_Records from a dataset_
┄┄┄┄┄┄┄┄┄┄┄┄┄┄┄┄┄┄┄┄
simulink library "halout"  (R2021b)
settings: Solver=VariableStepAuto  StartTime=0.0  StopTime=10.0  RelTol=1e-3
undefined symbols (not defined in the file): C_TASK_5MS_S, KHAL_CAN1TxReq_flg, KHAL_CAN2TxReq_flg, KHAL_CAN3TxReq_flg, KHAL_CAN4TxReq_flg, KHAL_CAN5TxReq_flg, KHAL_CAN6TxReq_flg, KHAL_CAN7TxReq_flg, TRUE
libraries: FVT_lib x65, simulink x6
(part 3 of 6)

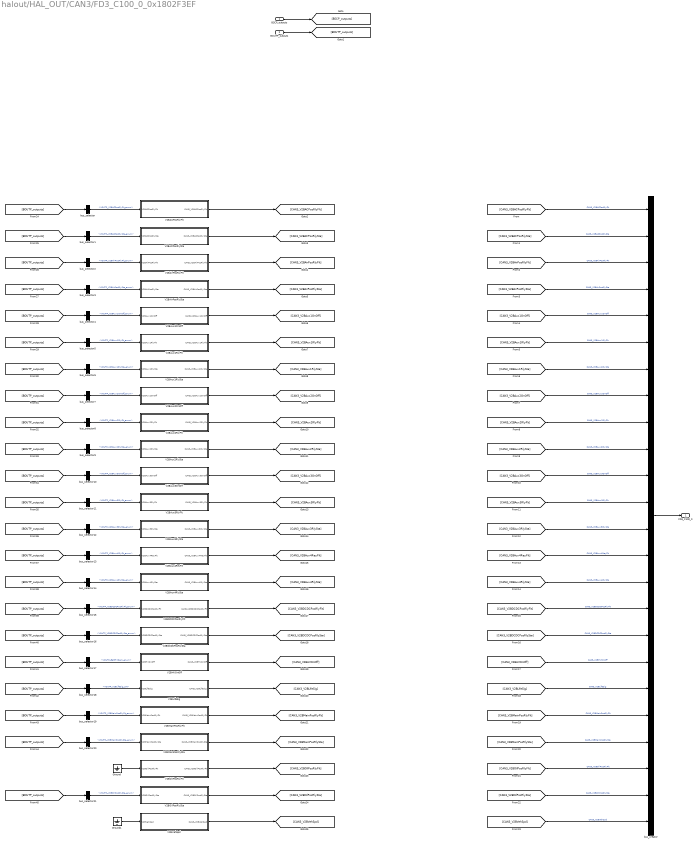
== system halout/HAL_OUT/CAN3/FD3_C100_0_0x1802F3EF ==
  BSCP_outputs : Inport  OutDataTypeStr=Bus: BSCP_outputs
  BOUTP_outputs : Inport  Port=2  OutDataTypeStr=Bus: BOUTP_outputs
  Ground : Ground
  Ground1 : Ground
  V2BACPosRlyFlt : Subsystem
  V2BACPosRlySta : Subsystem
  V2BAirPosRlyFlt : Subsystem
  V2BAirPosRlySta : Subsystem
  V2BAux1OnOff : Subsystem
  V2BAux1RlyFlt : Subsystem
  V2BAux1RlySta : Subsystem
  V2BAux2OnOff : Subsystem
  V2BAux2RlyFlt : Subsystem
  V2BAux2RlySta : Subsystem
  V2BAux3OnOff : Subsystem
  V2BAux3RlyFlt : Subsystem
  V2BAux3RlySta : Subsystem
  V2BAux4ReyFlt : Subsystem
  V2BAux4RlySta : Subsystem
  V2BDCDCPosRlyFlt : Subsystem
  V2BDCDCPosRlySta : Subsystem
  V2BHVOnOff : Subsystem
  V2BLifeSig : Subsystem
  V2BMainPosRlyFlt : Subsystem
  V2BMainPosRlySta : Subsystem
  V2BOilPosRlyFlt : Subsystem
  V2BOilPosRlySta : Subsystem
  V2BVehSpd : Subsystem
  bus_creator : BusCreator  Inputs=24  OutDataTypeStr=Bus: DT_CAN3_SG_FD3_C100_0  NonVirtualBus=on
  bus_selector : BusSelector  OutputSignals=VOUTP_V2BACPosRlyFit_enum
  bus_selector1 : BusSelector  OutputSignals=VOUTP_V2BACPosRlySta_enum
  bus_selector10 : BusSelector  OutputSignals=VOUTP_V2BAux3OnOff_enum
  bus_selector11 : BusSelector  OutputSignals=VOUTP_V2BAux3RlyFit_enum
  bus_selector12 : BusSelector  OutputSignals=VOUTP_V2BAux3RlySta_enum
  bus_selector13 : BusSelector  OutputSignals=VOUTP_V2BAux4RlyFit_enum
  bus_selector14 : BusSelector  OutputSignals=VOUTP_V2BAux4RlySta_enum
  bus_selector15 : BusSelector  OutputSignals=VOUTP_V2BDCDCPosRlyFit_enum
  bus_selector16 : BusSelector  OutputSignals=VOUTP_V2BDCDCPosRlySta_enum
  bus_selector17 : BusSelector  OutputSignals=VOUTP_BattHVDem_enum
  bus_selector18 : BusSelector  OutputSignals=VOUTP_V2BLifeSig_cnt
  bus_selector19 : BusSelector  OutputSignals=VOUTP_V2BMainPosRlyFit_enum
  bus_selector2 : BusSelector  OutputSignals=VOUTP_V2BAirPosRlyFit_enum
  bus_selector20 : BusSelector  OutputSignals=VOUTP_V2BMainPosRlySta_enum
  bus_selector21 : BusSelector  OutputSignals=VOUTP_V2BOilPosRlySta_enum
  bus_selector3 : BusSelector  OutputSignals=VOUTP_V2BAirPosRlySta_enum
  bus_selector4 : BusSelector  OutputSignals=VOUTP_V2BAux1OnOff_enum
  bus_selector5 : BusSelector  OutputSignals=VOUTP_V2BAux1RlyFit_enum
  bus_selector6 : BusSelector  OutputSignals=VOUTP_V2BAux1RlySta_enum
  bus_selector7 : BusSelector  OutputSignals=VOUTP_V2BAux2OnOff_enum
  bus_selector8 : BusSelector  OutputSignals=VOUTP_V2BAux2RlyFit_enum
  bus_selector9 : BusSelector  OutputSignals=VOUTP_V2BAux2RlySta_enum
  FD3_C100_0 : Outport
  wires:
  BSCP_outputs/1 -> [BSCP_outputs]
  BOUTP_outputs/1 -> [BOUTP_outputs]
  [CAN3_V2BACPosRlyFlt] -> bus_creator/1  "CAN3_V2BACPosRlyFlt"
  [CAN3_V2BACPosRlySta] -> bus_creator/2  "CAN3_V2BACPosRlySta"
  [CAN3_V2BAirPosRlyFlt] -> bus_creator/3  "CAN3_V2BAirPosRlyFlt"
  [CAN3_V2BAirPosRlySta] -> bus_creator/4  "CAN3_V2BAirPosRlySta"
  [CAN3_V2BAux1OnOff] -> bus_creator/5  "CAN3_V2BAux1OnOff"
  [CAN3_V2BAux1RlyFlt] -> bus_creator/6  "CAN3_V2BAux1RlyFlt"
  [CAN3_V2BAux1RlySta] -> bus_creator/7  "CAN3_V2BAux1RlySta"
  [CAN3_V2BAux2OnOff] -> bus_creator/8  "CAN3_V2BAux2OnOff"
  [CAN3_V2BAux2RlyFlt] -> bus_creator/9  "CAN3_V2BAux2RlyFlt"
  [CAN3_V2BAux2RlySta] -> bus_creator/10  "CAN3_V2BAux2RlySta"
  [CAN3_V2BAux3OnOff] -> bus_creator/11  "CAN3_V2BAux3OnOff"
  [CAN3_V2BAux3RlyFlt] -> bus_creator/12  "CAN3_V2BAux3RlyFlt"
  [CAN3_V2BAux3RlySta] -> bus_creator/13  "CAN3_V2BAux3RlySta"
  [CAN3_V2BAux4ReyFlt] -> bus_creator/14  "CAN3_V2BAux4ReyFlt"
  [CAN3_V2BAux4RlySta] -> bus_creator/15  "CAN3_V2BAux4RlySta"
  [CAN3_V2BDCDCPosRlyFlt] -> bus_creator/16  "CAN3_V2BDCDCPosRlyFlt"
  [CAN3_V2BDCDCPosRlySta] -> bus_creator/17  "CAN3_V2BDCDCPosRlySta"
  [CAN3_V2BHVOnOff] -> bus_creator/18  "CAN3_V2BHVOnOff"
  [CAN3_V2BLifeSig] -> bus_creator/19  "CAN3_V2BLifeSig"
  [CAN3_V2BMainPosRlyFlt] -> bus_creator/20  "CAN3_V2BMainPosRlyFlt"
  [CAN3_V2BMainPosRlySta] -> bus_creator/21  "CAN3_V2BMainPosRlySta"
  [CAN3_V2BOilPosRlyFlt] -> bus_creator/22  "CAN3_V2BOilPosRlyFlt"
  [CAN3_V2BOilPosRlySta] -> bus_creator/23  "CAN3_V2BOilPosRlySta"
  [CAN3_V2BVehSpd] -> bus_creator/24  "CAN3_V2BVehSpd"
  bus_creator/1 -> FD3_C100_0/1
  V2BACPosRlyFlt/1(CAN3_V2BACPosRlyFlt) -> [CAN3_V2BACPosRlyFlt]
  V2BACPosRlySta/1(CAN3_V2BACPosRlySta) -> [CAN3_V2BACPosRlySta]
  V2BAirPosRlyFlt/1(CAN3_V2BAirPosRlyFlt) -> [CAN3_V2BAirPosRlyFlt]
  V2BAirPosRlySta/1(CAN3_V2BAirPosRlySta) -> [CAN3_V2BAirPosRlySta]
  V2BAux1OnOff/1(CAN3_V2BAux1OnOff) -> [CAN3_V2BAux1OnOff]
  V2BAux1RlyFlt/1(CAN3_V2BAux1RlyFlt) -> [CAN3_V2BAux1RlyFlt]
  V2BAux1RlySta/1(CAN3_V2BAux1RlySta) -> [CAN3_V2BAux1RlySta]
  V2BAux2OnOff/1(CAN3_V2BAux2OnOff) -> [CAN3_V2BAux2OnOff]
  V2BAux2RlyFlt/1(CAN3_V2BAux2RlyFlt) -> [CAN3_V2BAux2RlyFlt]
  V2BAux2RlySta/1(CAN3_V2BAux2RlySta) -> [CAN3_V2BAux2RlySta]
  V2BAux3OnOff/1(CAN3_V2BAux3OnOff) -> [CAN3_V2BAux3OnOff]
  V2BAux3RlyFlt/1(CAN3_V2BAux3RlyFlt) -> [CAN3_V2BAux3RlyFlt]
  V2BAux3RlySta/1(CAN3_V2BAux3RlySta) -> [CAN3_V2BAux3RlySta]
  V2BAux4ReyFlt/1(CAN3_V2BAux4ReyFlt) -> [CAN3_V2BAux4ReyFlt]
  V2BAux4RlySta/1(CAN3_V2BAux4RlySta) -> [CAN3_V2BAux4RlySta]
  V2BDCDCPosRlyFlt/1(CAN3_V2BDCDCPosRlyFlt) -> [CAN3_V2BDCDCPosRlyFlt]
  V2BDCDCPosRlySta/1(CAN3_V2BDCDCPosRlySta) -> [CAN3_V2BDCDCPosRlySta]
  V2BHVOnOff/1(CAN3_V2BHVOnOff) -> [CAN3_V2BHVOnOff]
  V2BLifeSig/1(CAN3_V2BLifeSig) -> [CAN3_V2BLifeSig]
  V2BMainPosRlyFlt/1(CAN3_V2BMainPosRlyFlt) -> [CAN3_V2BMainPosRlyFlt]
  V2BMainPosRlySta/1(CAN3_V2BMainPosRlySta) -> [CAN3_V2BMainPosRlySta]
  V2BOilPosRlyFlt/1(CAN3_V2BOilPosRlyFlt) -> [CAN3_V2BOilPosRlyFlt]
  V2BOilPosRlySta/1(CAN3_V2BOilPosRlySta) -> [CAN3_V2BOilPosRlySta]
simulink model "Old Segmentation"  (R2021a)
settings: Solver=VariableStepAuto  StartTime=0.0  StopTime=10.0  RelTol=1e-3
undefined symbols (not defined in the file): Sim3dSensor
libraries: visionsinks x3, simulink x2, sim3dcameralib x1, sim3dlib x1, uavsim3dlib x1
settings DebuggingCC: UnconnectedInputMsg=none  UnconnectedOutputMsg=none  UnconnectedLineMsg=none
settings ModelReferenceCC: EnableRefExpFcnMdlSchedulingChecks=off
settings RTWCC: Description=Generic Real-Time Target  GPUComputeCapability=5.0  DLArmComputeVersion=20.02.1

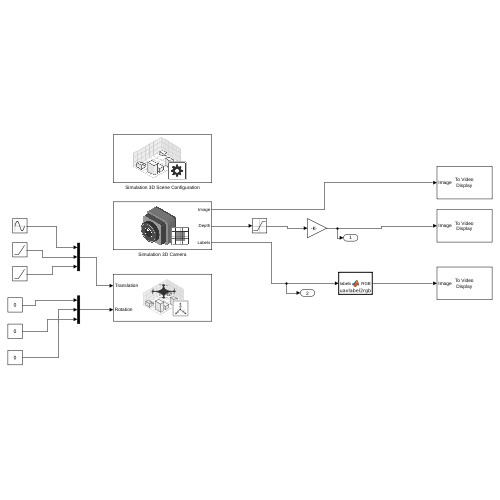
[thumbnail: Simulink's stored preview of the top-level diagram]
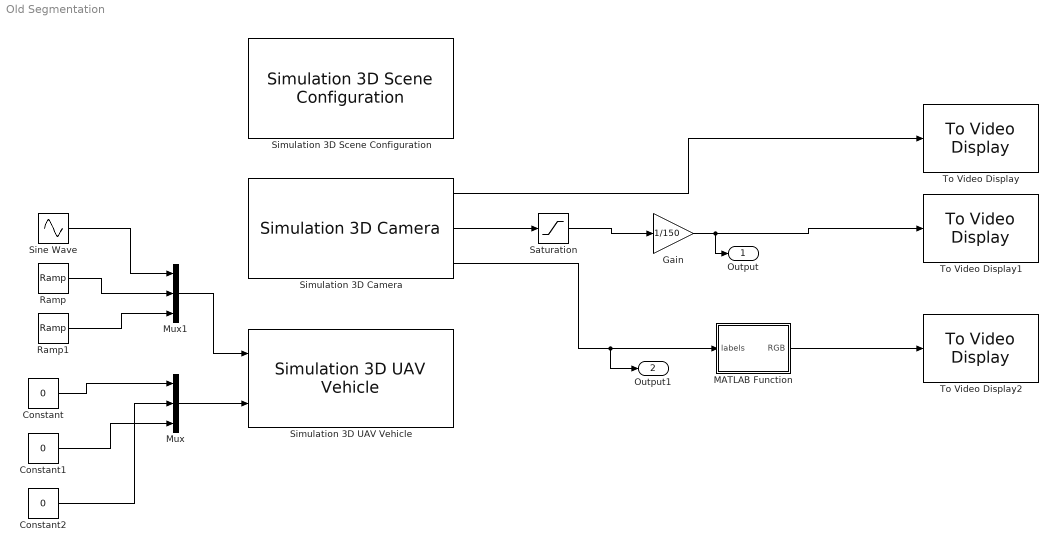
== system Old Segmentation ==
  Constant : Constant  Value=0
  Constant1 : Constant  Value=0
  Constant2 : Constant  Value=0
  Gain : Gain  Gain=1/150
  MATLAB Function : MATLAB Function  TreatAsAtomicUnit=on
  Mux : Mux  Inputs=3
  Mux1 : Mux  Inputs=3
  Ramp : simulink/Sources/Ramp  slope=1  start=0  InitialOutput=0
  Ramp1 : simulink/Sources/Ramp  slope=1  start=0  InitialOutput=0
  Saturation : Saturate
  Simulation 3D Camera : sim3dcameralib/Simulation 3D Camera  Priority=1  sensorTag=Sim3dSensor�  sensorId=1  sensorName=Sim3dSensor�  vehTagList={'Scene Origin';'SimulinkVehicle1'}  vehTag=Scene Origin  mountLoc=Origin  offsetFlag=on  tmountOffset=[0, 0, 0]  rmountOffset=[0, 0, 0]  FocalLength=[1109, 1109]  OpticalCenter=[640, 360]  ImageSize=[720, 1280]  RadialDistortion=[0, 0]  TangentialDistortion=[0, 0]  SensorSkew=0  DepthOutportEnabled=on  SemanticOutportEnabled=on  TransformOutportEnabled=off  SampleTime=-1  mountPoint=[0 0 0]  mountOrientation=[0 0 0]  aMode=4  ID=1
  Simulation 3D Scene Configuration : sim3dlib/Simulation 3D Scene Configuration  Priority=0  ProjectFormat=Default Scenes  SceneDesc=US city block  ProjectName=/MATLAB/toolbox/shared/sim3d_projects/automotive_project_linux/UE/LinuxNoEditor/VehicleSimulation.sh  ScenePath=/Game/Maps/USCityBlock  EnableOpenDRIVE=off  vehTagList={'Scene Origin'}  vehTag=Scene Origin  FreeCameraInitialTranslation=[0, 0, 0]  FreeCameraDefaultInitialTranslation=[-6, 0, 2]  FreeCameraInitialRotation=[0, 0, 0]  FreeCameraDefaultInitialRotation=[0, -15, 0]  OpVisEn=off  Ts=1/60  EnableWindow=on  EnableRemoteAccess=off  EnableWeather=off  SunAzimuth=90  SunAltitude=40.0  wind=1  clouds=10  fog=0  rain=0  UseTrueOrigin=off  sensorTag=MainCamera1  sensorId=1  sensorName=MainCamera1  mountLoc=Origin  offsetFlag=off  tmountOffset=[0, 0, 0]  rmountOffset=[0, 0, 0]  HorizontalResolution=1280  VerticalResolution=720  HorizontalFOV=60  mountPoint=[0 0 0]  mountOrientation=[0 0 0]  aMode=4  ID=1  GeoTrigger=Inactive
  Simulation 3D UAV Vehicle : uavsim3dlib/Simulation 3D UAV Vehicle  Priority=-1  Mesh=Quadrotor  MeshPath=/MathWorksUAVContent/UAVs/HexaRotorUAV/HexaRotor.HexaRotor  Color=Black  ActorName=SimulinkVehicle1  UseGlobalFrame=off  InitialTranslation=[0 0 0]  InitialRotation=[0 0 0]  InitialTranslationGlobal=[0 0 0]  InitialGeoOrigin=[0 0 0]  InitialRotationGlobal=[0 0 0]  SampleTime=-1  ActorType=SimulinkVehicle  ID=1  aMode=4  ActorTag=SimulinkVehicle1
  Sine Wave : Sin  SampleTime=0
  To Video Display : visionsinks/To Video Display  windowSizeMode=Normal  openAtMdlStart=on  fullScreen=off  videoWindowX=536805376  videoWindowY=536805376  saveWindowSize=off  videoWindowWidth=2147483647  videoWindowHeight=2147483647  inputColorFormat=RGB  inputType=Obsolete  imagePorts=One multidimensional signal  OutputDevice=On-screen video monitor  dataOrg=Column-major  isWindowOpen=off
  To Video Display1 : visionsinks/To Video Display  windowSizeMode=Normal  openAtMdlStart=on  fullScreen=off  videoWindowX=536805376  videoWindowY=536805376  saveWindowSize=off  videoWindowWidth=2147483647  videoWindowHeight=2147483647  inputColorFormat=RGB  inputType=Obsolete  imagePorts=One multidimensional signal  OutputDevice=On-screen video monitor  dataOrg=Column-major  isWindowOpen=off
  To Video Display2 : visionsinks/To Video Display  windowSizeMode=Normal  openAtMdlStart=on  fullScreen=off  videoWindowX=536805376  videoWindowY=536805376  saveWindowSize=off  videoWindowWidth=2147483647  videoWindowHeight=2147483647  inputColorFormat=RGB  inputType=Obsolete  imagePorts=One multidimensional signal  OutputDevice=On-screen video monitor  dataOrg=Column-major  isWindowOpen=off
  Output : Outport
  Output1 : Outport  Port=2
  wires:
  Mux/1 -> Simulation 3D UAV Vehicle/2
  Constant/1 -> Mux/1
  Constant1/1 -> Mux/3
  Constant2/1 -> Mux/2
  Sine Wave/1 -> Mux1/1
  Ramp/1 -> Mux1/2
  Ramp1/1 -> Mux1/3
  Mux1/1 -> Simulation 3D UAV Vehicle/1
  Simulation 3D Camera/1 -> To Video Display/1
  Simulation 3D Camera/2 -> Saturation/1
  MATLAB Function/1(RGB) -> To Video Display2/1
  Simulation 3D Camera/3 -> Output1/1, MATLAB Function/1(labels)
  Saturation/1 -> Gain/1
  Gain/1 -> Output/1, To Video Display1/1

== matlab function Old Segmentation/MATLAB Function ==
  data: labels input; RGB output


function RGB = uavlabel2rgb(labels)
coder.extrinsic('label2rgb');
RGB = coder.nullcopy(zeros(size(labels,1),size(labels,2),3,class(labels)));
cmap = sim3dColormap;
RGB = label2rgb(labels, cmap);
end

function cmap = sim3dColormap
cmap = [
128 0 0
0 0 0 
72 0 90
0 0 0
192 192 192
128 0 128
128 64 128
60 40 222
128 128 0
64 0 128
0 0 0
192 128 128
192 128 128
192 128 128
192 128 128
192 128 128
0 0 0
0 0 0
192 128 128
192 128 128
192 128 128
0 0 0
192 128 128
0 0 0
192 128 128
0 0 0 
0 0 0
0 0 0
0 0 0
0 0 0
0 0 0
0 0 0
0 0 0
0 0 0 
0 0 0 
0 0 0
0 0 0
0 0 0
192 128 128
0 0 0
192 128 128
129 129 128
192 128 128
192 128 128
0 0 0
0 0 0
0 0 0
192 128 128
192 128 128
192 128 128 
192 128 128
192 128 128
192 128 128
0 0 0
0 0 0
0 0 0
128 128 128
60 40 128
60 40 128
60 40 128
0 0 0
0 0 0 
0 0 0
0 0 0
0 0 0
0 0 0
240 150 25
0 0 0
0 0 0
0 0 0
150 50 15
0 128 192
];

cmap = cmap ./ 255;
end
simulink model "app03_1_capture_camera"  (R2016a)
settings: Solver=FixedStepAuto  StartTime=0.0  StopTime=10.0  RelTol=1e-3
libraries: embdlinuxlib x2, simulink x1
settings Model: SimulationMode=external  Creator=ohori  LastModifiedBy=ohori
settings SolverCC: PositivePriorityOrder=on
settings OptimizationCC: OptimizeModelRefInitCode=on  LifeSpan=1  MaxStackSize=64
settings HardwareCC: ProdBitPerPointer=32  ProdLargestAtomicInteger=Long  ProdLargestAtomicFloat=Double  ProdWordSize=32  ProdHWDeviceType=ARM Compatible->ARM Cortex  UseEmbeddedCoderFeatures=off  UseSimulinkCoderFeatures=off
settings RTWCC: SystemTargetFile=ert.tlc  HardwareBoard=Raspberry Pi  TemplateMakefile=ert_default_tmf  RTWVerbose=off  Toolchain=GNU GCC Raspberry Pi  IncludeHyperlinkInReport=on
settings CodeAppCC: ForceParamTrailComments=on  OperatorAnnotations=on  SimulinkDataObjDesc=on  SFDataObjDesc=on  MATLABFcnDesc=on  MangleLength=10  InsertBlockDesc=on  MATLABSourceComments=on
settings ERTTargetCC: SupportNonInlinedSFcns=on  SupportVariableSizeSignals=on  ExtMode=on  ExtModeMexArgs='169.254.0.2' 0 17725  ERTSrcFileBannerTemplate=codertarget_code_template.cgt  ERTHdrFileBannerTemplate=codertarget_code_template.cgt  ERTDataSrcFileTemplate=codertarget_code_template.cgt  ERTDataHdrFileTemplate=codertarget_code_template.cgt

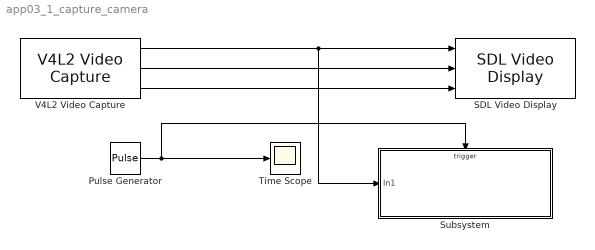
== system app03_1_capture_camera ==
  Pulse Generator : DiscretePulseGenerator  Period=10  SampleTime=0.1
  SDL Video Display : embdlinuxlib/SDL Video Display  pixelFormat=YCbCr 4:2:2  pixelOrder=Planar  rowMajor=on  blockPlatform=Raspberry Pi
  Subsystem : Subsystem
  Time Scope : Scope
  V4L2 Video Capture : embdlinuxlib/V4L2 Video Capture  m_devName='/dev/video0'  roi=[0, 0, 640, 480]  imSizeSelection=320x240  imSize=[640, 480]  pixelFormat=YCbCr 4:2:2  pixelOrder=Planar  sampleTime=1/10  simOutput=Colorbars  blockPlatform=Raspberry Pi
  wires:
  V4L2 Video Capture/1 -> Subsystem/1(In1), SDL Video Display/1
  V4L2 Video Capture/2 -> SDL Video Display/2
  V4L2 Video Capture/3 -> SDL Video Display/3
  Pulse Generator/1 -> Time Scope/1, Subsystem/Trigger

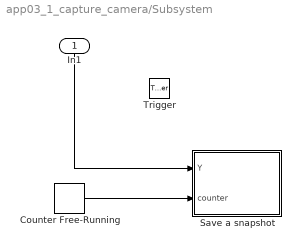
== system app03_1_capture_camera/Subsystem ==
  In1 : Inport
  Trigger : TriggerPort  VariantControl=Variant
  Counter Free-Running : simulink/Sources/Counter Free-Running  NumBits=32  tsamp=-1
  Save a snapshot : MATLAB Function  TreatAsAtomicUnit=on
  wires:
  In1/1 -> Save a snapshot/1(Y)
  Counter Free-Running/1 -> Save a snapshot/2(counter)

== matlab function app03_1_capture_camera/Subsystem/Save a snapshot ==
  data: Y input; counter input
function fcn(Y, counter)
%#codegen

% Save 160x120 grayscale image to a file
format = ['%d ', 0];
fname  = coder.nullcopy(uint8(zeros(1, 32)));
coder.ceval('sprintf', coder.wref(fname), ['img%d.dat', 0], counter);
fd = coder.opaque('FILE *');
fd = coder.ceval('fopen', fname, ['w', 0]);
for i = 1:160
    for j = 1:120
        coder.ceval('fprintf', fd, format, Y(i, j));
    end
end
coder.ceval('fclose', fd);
┄┄┄┄┄┄┄┄┄┄┄┄┄┄┄┄┄┄┄┄
_Task details_
Wherever a line of the records above contains the string "Running", copy that line out.

_Answer to the problem_
  Counter Free-Running : simulink/Sources/Counter Free-Running  NumBits=32  tsamp=-1
  Counter Free-Running/1 -> Save a snapshot/2(counter)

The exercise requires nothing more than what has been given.